- **Items listed in a dataset**:
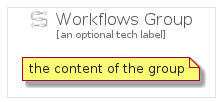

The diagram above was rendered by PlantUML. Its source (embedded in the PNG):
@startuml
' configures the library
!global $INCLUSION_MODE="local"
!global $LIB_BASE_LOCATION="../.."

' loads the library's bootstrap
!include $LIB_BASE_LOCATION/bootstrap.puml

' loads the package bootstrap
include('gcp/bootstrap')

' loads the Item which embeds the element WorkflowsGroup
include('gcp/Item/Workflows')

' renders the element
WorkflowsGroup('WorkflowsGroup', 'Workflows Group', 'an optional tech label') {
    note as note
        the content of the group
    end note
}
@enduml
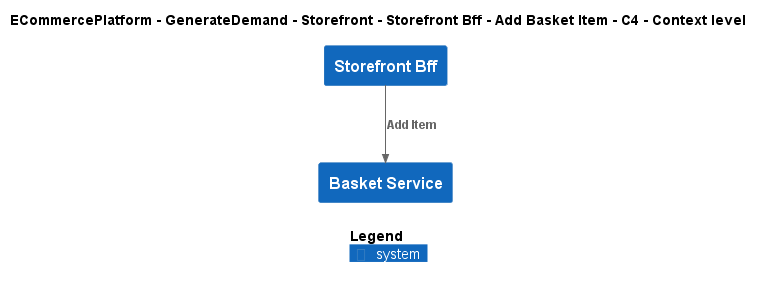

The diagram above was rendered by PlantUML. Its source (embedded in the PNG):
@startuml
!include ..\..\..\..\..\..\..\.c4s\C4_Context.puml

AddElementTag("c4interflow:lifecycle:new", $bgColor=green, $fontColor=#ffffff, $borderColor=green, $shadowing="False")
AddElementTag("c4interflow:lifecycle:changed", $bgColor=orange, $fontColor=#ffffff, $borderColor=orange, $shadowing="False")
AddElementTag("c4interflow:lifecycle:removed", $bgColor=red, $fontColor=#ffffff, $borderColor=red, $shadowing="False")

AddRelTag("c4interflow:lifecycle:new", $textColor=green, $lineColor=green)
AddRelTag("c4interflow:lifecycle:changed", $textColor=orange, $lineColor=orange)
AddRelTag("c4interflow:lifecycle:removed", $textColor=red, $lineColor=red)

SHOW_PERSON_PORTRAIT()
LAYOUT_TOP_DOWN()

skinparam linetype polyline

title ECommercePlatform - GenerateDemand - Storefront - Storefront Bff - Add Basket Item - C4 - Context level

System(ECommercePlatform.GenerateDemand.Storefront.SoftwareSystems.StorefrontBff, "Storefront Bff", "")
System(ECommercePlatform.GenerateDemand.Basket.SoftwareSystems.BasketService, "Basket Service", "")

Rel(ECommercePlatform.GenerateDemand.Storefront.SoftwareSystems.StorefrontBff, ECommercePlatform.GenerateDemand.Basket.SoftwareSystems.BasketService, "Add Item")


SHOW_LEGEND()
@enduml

- **The task**: Keeping every word as it is, write out all the data and omit the pictures.

- **Output of the exercise**:
The diagram above was rendered by PlantUML. Its source (embedded in the PNG):
@startuml
' configures the library
!global $INCLUSION_MODE="local"
!global $LIB_BASE_LOCATION="../.."

' loads the library's bootstrap
!include $LIB_BASE_LOCATION/bootstrap.puml

' loads the package bootstrap
include('gcp/bootstrap')

' loads the Item which embeds the element WorkflowsGroup
include('gcp/Item/Workflows')

' renders the element
WorkflowsGroup('WorkflowsGroup', 'Workflows Group', 'an optional tech label') {
    note as note
        the content of the group
    end note
}
@enduml

The diagram above was rendered by PlantUML. Its source (embedded in the PNG):
@startuml
!include ..\..\..\..\..\..\..\.c4s\C4_Context.puml

AddElementTag("c4interflow:lifecycle:new", $bgColor=green, $fontColor=#ffffff, $borderColor=green, $shadowing="False")
AddElementTag("c4interflow:lifecycle:changed", $bgColor=orange, $fontColor=#ffffff, $borderColor=orange, $shadowing="False")
AddElementTag("c4interflow:lifecycle:removed", $bgColor=red, $fontColor=#ffffff, $borderColor=red, $shadowing="False")

AddRelTag("c4interflow:lifecycle:new", $textColor=green, $lineColor=green)
AddRelTag("c4interflow:lifecycle:changed", $textColor=orange, $lineColor=orange)
AddRelTag("c4interflow:lifecycle:removed", $textColor=red, $lineColor=red)

SHOW_PERSON_PORTRAIT()
LAYOUT_TOP_DOWN()

skinparam linetype polyline

title ECommercePlatform - GenerateDemand - Storefront - Storefront Bff - Add Basket Item - C4 - Context level

System(ECommercePlatform.GenerateDemand.Storefront.SoftwareSystems.StorefrontBff, "Storefront Bff", "")
System(ECommercePlatform.GenerateDemand.Basket.SoftwareSystems.BasketService, "Basket Service", "")

Rel(ECommercePlatform.GenerateDemand.Storefront.SoftwareSystems.StorefrontBff, ECommercePlatform.GenerateDemand.Basket.SoftwareSystems.BasketService, "Add Item")


SHOW_LEGEND()
@enduml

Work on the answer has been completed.